GP

Album: GP
Artist: Gram Parsons  
Born: Winter Haven, Florida
Released: January 1973
Genre: Country Rock
Influenced: Elvis Costello, The Modern Lovers, Nick Lowe, Ryan Adams, Bonnie Prince Billy


Gram Parsons and his music are beyond easy definition. He was raised by wealthy parents and went to Harvard, but suffered great personal tragedy and discovered country music as a teenager. Moving to LA, his records with the Byrds and Flying Burrito Brothers were dismissed by the country music establishment on the grounds of impurity (long haired hippies with electric guitars playing hybrid country rock in marijuana-themed nudie suits). Parsons himself descried his sound as "cosmic American music", with soul an equally important influence on his songs as country and rock & roll. Time spent with the Stones in exile and drug use, especially heroin, took a heavy toll on Parsons in the early 70s and it was an encounter with Emmylou Harris and a new record deal that gave him the impetus to record his first solo album, GP. As celebrated in that catchy First Aid Kit song, Gram Parsons & Emmylou Harris' relationship is now seen as one of the great country music love affairs, on a par with Johnny Cash & June Carter. There's very little footage online of them performing together; this is the best quality video I could find.

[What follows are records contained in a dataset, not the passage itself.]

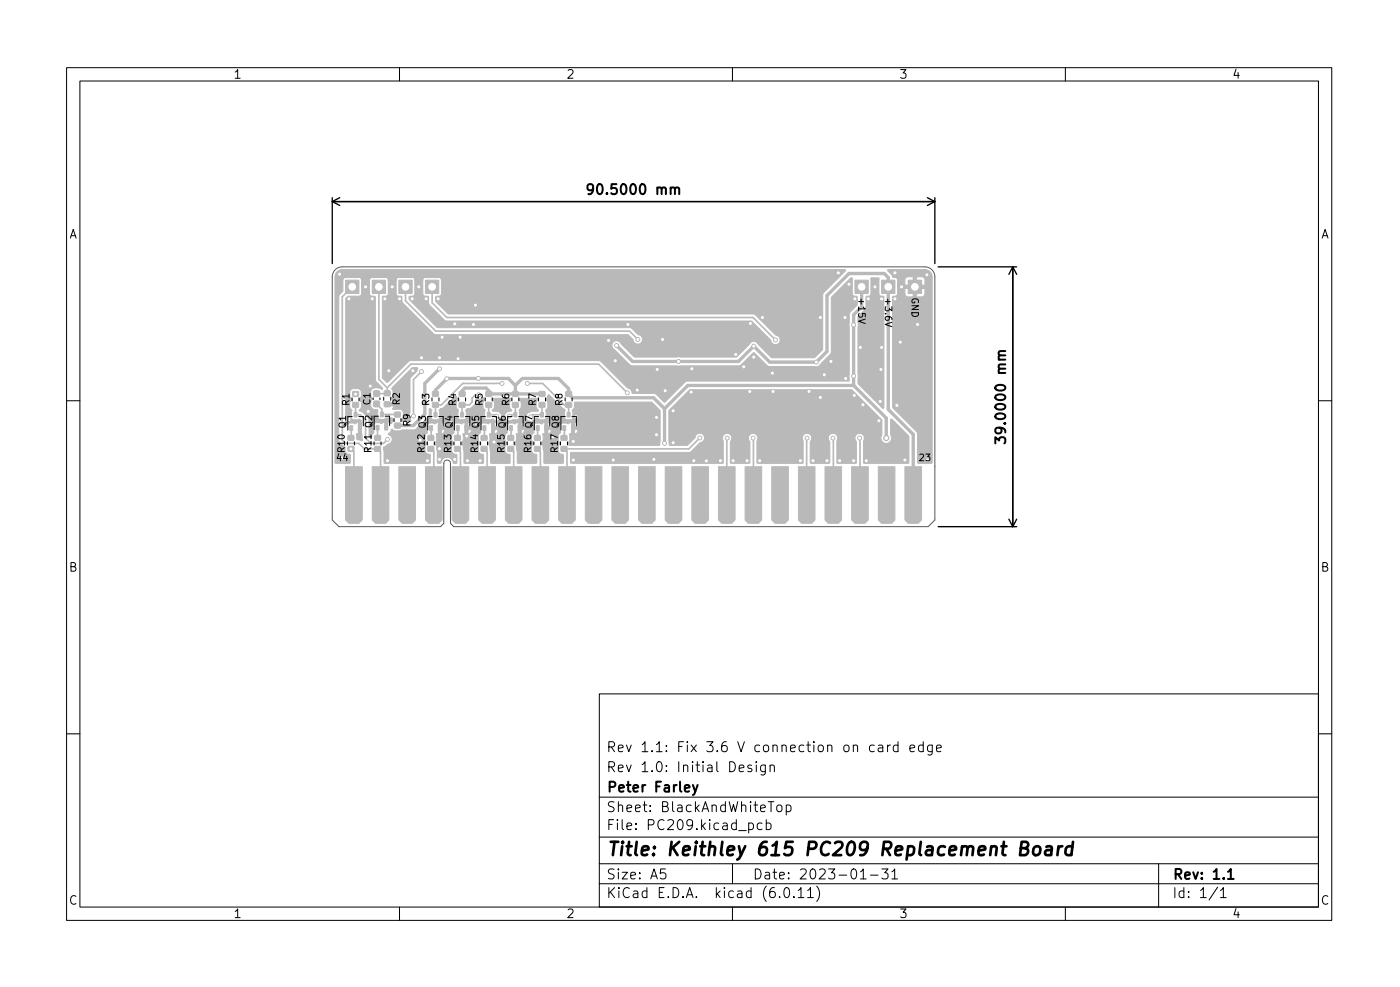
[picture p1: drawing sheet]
<svg xmlns="http://www.w3.org/2000/svg" width="210mm" height="148mm" viewBox="0 0 210 148" stroke-linecap="round" stroke-linejoin="round" font-family="sans-serif">
<path d="M96.2 27.8l.4-.2a.94 .94 0 0 1 0 1.5h-.2a.91 .91 0 0 1-.2-1.3zM149.6 57.9a1.02 1.02 0 0 1 1.4 .2v.2a.94 .94 0 0 1-1.5 0z" fill="none" stroke="#000" stroke-width=".3"/>
<g fill="none" stroke="#000" stroke-width=".2">
<path d="M49.9 29.7v9.9M49.9 30.3h90.5M49.9 30.3l1.1 .5M51 29.7l-1.1 .6M139.3 29.7l1.1 .6M140.4 29.7v9.9M140.4 30.3l-1.1 .5M140.9 40.1h11.8M152.1 40.1v39M152.1 40.1l-.6 1.1M152.1 40.1l.6 1.1M140.9 79.1h11.8"/>
<path d="M151.5 77.9l.6 1.2M152.7 77.9l-.6 1.2"/>
</g>
<g fill="#b9b9b9" stroke="#b9b9b9" stroke-width=".15">
<path d="M57.7 60.3h.9v.7h-.9z"/>
<path d="M57.7 58.7h.9v.7h-.9z"/>
<path d="M64.3 67h.8v.7h-.8z"/>
<path d="M64.3 65.4h.8v.7h-.8z"/>
<path d="M68.3 67h.8v.7h-.8z"/>
<path d="M68.3 65.4h.8v.7h-.8z"/>
<path d="M72.5 63.9h.5v.7h-.5z"/>
<path d="M73.8 63.9h.5v.7h-.5z"/>
<path d="M73.2 61.9h.4v.7h-.4z"/>
<path d="M59.3 61.9h.8v.7h-.8z"/>
<path d="M59.3 63.5h.8v.7h-.8z"/>
<path d="M65 60.4h.8v.7h-.8z"/>
<path d="M65 58.8h.8v.7h-.8z"/>
<path d="M52.5 63.9h.5v.7h-.5z"/>
<path d="M53.8 63.9h.5v.7h-.5z"/>
<path d="M53.2 61.9h.4v.7h-.4z"/>
<path d="M69 60.4h.8v.7h-.8z"/>
<path d="M69 58.8h.8v.7h-.8z"/>
<path d="M56.3 67h.8v.7h-.8z"/>
<path d="M56.3 65.4h.8v.7h-.8z"/>
<path d="M72.3 67h.8v.7h-.8z"/>
<path d="M72.3 65.4h.8v.7h-.8z"/>
<path d="M77 60.4h.8v.7h-.8z"/>
<path d="M77 58.8h.8v.7h-.8z"/>
<path d="M85 60.4h.8v.7h-.8z"/>
<path d="M85 58.8h.8v.7h-.8z"/>
<path d="M80.5 63.9h.5v.7h-.5z"/>
<path d="M81.8 63.9h.5v.7h-.5z"/>
<path d="M81.2 61.9h.4v.7h-.4z"/>
<path d="M76.3 67h.8v.7h-.8z"/>
<path d="M76.3 65.4h.8v.7h-.8z"/>
<path d="M56.5 63.9h.4v.7h-.4z"/>
<path d="M57.8 63.9h.4v.7h-.4z"/>
<path d="M57.1 61.9h.5v.7h-.5z"/>
<path d="M73 60.4h.8v.7h-.8z"/>
<path d="M73 58.8h.8v.7h-.8z"/>
<path d="M52.3 67h.8v.7h-.8z"/>
<path d="M52.3 65.4h.8v.7h-.8z"/>
<path d="M81 60.4h.8v.7h-.8z"/>
<path d="M81 58.8h.8v.7h-.8z"/>
<path d="M68.5 63.9h.5v.7h-.5z"/>
<path d="M69.8 63.9h.5v.7h-.5z"/>
<path d="M69.2 61.9h.4v.7h-.4z"/>
<path d="M76.5 63.9h.5v.7h-.5z"/>
<path d="M77.8 63.9h.5v.7h-.5z"/>
<path d="M77.2 61.9h.4v.7h-.4z"/>
<path d="M84.3 67h.8v.7h-.8z"/>
<path d="M84.3 65.4h.8v.7h-.8z"/>
<path d="M56.1 60.3h.9v.7h-.9z"/>
<path d="M56.1 58.7h.9v.8h-.9z"/>
<path d="M64.5 63.9h.5v.7h-.5z"/>
<path d="M65.8 63.9h.5v.7h-.5z"/>
<path d="M65.2 61.9h.4v.7h-.4z"/>
<path d="M80.3 67h.8v.7h-.8z"/>
<path d="M80.3 65.4h.8v.7h-.8z"/>
<path d="M53 60.4h.8v.7h-.8z"/>
<path d="M53 58.8h.8v.7h-.8z"/>
<path d="M84.5 63.9h.5v.7h-.5z"/>
<path d="M85.8 63.9h.5v.7h-.5z"/>
<path d="M85.2 61.9h.4v.7h-.4z"/>
<path d="M135.9 70.1h2.5v8l-.5 .5h-1.5l-.5-.5z"/>
<path d="M131.9 70.1h2.5v8l-.5 .5h-1.5l-.5-.5z"/>
<path d="M127.9 70.1h2.5v8l-.5 .5h-1.5l-.5-.5z"/>
<path d="M123.9 70.1h2.5v8l-.5 .5h-1.5l-.5-.5z"/>
<path d="M119.9 70.1h2.5v8l-.5 .5h-1.5l-.5-.5z"/>
<path d="M115.9 70.1h2.5v8l-.5 .5h-1.5l-.5-.5z"/>
<path d="M111.9 70.1h2.5v8l-.5 .5h-1.5l-.5-.5z"/>
<path d="M107.9 70.1h2.5v8l-.5 .5h-1.5l-.5-.5z"/>
<path d="M103.9 70.1h2.5v8l-.5 .5h-1.5l-.5-.5z"/>
<path d="M99.9 70.1h2.5v8l-.5 .5h-1.5l-.5-.5z"/>
<path d="M95.9 70.1h2.5v8l-.5 .5h-1.5l-.5-.5z"/>
<path d="M91.9 70.1h2.5v8l-.5 .5h-1.5l-.5-.5z"/>
<path d="M87.9 70.1h2.5v8l-.5 .5h-1.5l-.5-.5z"/>
<path d="M83.9 70.1h2.5v8l-.5 .5h-1.5l-.5-.5z"/>
<path d="M79.9 70.1h2.5v8l-.5 .5h-1.5l-.5-.5z"/>
<path d="M75.9 70.1h2.5v8l-.5 .5h-1.5l-.5-.5z"/>
<path d="M71.9 70.1h2.5v8l-.5 .5h-1.5l-.5-.5z"/>
<path d="M67.9 70.1h2.5v8l-.5 .5h-1.5l-.5-.5z"/>
<path d="M63.9 70.1h2.5v8l-.5 .5h-1.5l-.5-.5z"/>
<path d="M59.9 70.1h2.5v8l-.5 .5h-1.5l-.5-.5z"/>
<path d="M55.9 70.1h2.5v8l-.5 .5h-1.5l-.5-.5z"/>
<path d="M51.9 70.1h2.5v8l-.5 .5h-1.5l-.5-.5z"/>
<path d="M51.9 42.1h2v2h-2z"/>
<path d="M55.9 42.1h2v2h-2z"/>
<path d="M59.9 42.1h2v2h-2z"/>
<path d="M132.4 42.1h2v2h-2z"/>
<path d="M136.4 42.1h2v2h-2z"/>
<path d="M128.4 42.1h2v2h-2z"/>
<path d="M63.9 42.1h2v2h-2z"/>
<path d="M85.7 68l17.8-.1 .3-.2 1.3-1.2a.78 .78 0 0 0 .7-.7l-.1-.4-.3-.3a.73 .73 0 0 0-1 .6l-1.2 1.2-2.7-.1v-5.2l3.1-3.1h24.3l4.5 4.5v2.4a.81 .81 0 0 0 .8 1.2 .81 .81 0 0 0 .6-1.3v-2.3l.1-.1 2.6 2.6-.1 4h-6.7v-3.3l.1-.4-.1-.4-.2-.2a.7 .7 0 0 0-.9 .1 .7 .7 0 0 0 0 .9v3.3h-2.9v-3.3l.1-.4-.1-.4-.3-.3a.7 .7 0 0 0-.8 .2 .7 .7 0 0 0-.1 .8l.1 .2v3.2h-2.9v-3.2l.2-.5-.1-.4-.2-.2a.72 .72 0 0 0-.9 .1 .72 .72 0 0 0-.1 .9v3.3l-6.8 .1-.1-.2v-3.2l.1-.4-.1-.4-.3-.3a.7 .7 0 0 0-.8 .2 .7 .7 0 0 0-.1 .8l.1 .2v3.2h-2.9v-3.2l.2-.5-.1-.4-.2-.2a.72 .72 0 0 0-.9 .1 .72 .72 0 0 0-.1 .9v3.2l-.1 .2h-22.7l-.1-.2z"/>
<path d="M133.3 40.5h5.6a1.09 1.09 0 0 1 1.1 1v27.9l-.1 .2h-2l-.1-.2v-4.4l-3.7-3.8v-16.6v-.1l.5-.1 .2-.3h1.1l.1 .3 .3 .2 2.3-.1 .3-.3v-.9h-1.2v1.3h-.6v-1.3h-1.2v.8h-1.1v-1.3h4.1v-.8l-.1-.3-.3-.1h-.8v1.2h-.6v-1.2h-.8l-.3 .1-.1 .2v.9h-1.1l-.1-1-.2-.1-.4-.1-.2-.3-.6-.6z"/>
<path d="M58.8 64.5l.1-.1 .4 .3h.7l.4-.2h2l1.9-2 .2-.3v-.7l.2-.1a.3 .3 0 0 1 .1 .5v.8l.3 .3a.68 .68 0 0 0 .9-.3v-.8a.39 .39 0 0 1 .4-.6l.2-.1 1.9-1.8 .4 .6-.4 .5v.6l.4 .5-.1 1.1 .3 .3a.68 .68 0 0 0 .9-.3v-.8a.34 .34 0 0 1 0-.4 .34 .34 0 0 1 .2-.2l.5-.1 .6-.5 .2-.8h.6l.5-.2 .3 .3-.4 .5v.6l.2 .3a.28 .28 0 0 1 .1 .5v.7l.1 .3 .8 .1 .3-.1 .4 .2a.71 .71 0 0 0 .9-.6 .73 .73 0 0 0-.8-.7l-.4-.1-.2-.1 .4-.6v-.6l-.4-.5 .2-.1h2.7l.1 .2-.4 .4v.6l.3 .5a.2 .2 0 0 1 0 .2 .2 .2 0 0 1-.3 .1h-.1a.7 .7 0 0 0-.6 .9 .7 .7 0 0 0 1.1 .4l.2-.1a.63 .63 0 0 0 .9-.3v-.9a.31 .31 0 0 1 .2-.5l.1-.8-.1-.2-.3-.3 .1-.2h2.8l.1 .2-.4 .4v.6l.3 .7-1.1 .1a.78 .78 0 0 0-.7 .9 .7 .7 0 0 0 .9 .5l.5-.4h.4l.3 .2a.63 .63 0 0 0 .9-.3v-.9a.31 .31 0 0 1 .2-.5l.1-.9-.4-.5 .5-.6 2.2 2a.33 .33 0 0 1 .2 .6v.8l.3 .3a.68 .68 0 0 0 .9-.3v-.8a.36 .36 0 0 1 .2-.6l.1-.9h.1h11.5l1.2 1.3v5.1l-.1 .1h-13.5l-.3-.4 .4-.4v-.6a.24 .24 0 0 1 .1-.4h.7l.2-.1 .2-.5h-.5v.6h-.5v-1.1h1v-.1l-.2-.4-.3-.1v.6h-.5v-.6l-.2 .1a.33 .33 0 0 1-.6 0 .66 .66 0 0 0-.9 .3l.1 1.1-.4 .5v.6l.4 .6-.4 .4v.7a.78 .78 0 0 0 .8 .6v1.2h-2.9l-.1-2.5-.4-.5 .4-.4v-.6a.24 .24 0 0 1 .1-.4h.7l.2-.1 .2-.5h-.5v.6h-.5v-1.1h1v-.1l-.2-.4-.3-.1v.6h-.5v-.6l-.2 .1a.33 .33 0 0 1-.6 0 .66 .66 0 0 0-.9 .3l.1 1.1-.4 .5v.6l.4 .6-.4 .4v.7a.78 .78 0 0 0 .8 .6v1.2h-2.9l-.1-2.5-.4-.5 .4-.4v-.6a.24 .24 0 0 1 .1-.4h.7l.2-.1 .2-.5h-.5v.6h-.5v-1.1h1v-.1l-.2-.4-.3-.1v.6h-.5v-.6l-.2 .1a.33 .33 0 0 1-.6 0 .66 .66 0 0 0-.9 .3l.1 1.1-.4 .5v.6l.4 .6-.4 .4v.7a.78 .78 0 0 0 .8 .6v1.2h-2.9l-.1-2.5-.4-.5 .4-.4v-.6a.24 .24 0 0 1 .1-.4h.7l.2-.1 .2-.5h-.5v.6h-.5v-1.1h1v-.1l-.2-.4-.3-.1v.6h-.5v-.6l-.2 .1a.33 .33 0 0 1-.6 0 .66 .66 0 0 0-.9 .3l.1 1.1-.4 .5v.6l.4 .6-.4 .4v.7a.78 .78 0 0 0 .8 .6v1.2h-2.9l-.1-2.5-.4-.5 .4-.4v-.6a.24 .24 0 0 1 .1-.4h.7l.2-.1 .2-.5h-.5v.6h-.5v-1.1h1v-.1l-.2-.4-.3-.1v.6h-.5v-.6l-.2 .1a.33 .33 0 0 1-.6 0 .66 .66 0 0 0-.9 .3l.1 1.1-.4 .5v.6l.4 .6-.4 .4v.7a.78 .78 0 0 0 .8 .6v1.2h-.5a.94 .94 0 0 0-1-.8 .94 .94 0 0 0-.9 .9l-.5-.1v-1.7l-.1-.8-.4-.5 .4-.4v-.6a.24 .24 0 0 1 .1-.4h.7l.2-.1 .2-.5h-.5v.6h-.5v-1.1h1v-.1l-.2-.4-.3-.1v.6h-.5v-.6l-.2 .1a.33 .33 0 0 1-.6 0 .66 .66 0 0 0-.9 .3l.1 1.1-.4 .5v.6l.4 .6-.4 .4v.7a.78 .78 0 0 0 .8 .6v1.1l-.1 .2h-6.7l-.1-.2v-1.6l-.1-.6 .6-.5a.78 .78 0 0 0 .7-.7l-.1-.4-.3-.3a.14 .14 0 0 1-.2-.1 .14 .14 0 0 1 .1-.2l.3-.2z"/>
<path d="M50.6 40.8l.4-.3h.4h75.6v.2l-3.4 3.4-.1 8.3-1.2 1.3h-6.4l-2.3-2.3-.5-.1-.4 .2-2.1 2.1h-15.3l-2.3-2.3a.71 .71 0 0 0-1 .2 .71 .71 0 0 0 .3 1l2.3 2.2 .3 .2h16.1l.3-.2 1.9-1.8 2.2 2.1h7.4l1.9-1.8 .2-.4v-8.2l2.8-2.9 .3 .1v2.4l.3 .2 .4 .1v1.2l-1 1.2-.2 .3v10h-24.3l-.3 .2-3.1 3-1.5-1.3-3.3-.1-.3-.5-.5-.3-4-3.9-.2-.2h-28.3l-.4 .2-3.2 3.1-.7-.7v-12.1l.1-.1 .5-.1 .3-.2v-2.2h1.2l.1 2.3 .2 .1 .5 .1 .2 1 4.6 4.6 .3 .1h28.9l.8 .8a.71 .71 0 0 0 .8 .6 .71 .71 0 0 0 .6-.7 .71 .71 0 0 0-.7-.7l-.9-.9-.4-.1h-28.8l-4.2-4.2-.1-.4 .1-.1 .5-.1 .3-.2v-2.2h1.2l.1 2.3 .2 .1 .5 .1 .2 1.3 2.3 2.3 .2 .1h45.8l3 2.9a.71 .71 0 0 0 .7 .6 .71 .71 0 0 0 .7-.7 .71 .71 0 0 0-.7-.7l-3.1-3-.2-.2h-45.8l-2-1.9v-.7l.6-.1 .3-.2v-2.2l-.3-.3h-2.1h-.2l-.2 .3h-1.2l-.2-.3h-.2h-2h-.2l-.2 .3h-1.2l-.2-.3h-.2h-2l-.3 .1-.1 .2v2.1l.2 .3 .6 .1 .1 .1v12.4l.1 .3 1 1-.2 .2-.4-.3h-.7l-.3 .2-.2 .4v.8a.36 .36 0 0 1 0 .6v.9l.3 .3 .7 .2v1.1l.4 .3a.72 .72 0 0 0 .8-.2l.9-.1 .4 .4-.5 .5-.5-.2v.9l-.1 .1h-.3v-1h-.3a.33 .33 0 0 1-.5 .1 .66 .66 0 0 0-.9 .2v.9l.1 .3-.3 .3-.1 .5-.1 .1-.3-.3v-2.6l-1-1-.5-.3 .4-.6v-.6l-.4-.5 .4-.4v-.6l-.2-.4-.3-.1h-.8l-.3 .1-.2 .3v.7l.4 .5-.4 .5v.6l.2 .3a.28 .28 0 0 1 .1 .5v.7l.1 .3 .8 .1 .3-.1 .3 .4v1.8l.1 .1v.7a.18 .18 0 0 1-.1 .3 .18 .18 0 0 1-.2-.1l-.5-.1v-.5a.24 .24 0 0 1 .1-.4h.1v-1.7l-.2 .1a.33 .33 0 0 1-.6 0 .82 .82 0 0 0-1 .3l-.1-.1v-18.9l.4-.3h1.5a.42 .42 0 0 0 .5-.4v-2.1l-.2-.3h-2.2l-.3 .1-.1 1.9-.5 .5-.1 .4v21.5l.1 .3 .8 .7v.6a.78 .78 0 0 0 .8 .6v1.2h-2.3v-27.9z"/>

As well as Emmylou, Gram also recruited some of the backing band of his hero, Elvis Presley, for the recording of GP, including guitarist James Burton. This line-up would play on both solo albums, GP and Grievous Angel. I bought a double CD copy of both albums as a teenager, and would listen to it all the way through as if it were one indistinguishable whole. The songwriting is stronger on GP, but they're both great records. She is one of the standout tracks, a song written by Parsons with ex-Burrito Brother Chris Ethridge that explores the same themes of doomed love found in Hot Burrito #1. My real favourite though is A Song For You, not least for the way Parsons stretches his voice to hit the emotional high notes backed by the clear melodies of Emmylou. The songwriting is mysterious and mournful but never fails to move me ("oh, take me down to your dance floor / I won't mind the people when they stare"). How Much I Lied is like a companion piece to Love Hurts on follow-up album Grievous Angel, full of heartbreak, self-loathing and tenderness. As Emmylou says in this brilliant Independent interview, in which she reflects on her time with Gram, "I get a great joy out of singing sad songs. It's why country music works well for me."